• [WORK INSTRUCTIONS] The following listing has lines to check for the word "Head"; give only the number of lines that contain it.

• [ENTRIES PROVIDED]
__________________________________________________

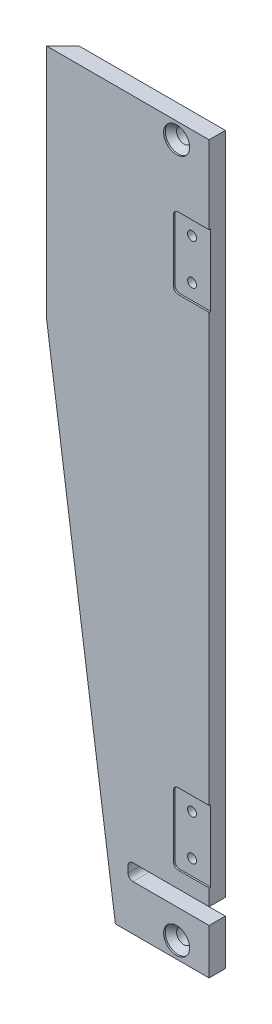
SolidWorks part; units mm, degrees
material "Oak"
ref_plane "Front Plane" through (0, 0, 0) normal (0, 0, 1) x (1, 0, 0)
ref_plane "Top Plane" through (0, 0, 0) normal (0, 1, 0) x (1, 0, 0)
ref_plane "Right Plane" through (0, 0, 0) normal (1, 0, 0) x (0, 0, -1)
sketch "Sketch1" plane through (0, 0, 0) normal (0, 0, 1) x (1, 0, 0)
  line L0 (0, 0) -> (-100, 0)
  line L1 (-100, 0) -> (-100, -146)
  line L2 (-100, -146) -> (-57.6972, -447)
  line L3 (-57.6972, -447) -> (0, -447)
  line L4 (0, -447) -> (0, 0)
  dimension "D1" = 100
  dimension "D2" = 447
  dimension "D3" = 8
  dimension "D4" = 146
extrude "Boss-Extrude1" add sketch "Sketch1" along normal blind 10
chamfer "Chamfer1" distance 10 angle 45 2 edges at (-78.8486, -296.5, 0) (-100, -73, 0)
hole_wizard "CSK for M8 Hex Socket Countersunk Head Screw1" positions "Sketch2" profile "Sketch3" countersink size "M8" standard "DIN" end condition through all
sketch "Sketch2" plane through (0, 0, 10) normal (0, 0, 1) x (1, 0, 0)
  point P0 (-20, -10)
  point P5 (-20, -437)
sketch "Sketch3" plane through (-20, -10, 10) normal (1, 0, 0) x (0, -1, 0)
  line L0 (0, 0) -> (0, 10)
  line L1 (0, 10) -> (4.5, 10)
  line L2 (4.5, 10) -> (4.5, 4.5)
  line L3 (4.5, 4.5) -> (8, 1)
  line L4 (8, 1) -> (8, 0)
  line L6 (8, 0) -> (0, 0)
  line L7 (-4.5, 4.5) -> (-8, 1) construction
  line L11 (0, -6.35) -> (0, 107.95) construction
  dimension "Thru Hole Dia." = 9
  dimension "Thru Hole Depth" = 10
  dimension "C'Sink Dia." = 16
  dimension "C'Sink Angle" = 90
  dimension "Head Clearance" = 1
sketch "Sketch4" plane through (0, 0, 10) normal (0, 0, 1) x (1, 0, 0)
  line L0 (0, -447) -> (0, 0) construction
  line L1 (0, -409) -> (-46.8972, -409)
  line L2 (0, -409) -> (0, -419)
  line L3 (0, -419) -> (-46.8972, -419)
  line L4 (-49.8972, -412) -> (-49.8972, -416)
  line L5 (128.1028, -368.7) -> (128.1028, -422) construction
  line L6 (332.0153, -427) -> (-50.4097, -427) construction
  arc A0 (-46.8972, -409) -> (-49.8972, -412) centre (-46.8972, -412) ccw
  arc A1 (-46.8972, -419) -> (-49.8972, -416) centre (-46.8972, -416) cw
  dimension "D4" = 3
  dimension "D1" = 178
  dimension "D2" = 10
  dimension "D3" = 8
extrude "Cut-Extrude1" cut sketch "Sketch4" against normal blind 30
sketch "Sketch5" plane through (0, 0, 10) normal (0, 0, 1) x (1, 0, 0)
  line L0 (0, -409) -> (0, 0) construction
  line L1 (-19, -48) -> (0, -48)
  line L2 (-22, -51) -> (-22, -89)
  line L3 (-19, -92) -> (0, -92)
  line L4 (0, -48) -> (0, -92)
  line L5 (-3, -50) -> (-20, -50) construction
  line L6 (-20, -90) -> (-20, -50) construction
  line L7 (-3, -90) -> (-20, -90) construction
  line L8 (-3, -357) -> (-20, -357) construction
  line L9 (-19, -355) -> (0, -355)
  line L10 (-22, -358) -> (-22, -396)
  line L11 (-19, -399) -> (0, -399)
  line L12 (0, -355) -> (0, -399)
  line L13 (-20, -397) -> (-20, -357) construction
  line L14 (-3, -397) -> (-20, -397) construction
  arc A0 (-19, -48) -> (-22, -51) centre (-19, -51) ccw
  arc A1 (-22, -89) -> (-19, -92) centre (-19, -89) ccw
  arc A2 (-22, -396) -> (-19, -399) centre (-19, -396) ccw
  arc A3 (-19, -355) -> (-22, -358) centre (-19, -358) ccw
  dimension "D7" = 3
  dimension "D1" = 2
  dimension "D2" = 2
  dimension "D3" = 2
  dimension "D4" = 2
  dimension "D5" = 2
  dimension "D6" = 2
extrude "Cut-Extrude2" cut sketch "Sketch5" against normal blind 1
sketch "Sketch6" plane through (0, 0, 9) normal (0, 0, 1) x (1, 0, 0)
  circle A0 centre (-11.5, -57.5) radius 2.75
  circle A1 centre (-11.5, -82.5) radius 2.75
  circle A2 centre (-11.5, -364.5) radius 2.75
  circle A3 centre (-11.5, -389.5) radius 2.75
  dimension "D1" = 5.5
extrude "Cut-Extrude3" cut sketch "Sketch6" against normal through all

__________________________________________________

• [EXERCISE RESULT] 2